Data in the framework moves through sources. A source provides a single stream, usually random-access, of a single type of data. A source may produce its own data, retrieve it from a file, or pull and modify data from any number of other sources. Sources can also be used multiple times in a filter graph.

There are six kinds of sources: video, audio, presentation clock, frame function, codec packet, and coded image.

Audio sources

One of the simplest types of sources is the audio source, which produce blocks of floating-point audio samples as audio frames. Audio sources are random-access, meaning they can produce any part of their stream at any time. They can also contain any number of audio channels. In Python, audio sources are represented by the :class:~.AudioSource class.

Audio data isn't complicated. Audio is indexed by samples (not time), and each sample is a floating-point number. Samples are nominally in the range [-1.0, 1.0], with silence at 0.0, but can extend outside this range during processing. Samples outside this range may be clipped during playback or while writing to a file.

We can play back a simple stereo audio source with :class:~.AlsaPlayer::

from fluggo.media.alsa import AlsaPlayer

player = AlsaPlayer(rate=48000, channels=2, source=my_source)
player.play()

.. digraph:: foo2

rankdir="LR";
node [shape=box]; src1 [label="my_source (AudioSource)"]; alsa [label="AlsaPlayer"];
src1->alsa;

Note that we have to tell :class:~.AlsaPlayer the correct sample rate and number of channels; it doesn't know or care about the sample rate or channel count of my_source. :class:~.AlsaPlayer only asks my_source for data and plays it back at the given rate.

Note also that giving the wrong rate isn't a crime: it will just speed up or slow down playback. The same goes for channels; setting channels=1 will just play the first channel of my_source. If you ask for too many channels, my_source (and any other :class:~.AudioSource) will just fill the extra channels with silence. In this way, the framework is forgiving, but will only do exactly what you ask.

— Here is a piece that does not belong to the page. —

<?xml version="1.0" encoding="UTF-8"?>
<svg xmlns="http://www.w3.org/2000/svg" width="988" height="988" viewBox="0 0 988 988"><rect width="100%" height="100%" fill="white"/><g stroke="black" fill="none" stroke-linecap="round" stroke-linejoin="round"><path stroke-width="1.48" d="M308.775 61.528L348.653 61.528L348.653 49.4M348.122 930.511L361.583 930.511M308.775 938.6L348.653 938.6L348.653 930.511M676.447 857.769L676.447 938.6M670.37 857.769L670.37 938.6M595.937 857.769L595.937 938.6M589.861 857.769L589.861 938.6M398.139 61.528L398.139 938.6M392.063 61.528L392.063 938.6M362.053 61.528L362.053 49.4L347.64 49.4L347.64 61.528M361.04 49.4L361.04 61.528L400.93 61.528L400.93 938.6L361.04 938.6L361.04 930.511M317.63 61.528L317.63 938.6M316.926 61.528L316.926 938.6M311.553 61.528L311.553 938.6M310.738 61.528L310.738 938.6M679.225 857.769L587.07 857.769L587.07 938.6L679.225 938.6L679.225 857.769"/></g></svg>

Lastly, :class:~.AlsaPlayer will happily play the sound at half speed (player.play(Fraction(1, 2))), double speed (player.play(2)), and backwards (player.play(-1)). The random-access nature of audio sources makes this possible.

Video sources

Video sources produce floating-point images, one at a time, as video frames.

Many other media libraries put a lot of emphasis on video formats, which are meant to describe the many ways of encoding video (such as frame size, frame rate, bit depth, color system, subsampling, transfer function, pulldown, interlacing). This can make working with filter chains difficult; when mixing two videos with different frame rates, what should be the result? And how much work will the filter writer have to do to accomodate the special cases?

The Fluggo Media processing framework avoids most of the problem by standardizing some of these properties (such as bit depth) and ignoring others (such as frame rate) so that video sources and video frames carry the minimum information necessary to handle them. This also frees the framework and its filters from having to do much decision-making. A mix filter doesn't have to care if its input videos are two different frame rates, because it has no way of knowing that---it will mix them as if they are the same rate.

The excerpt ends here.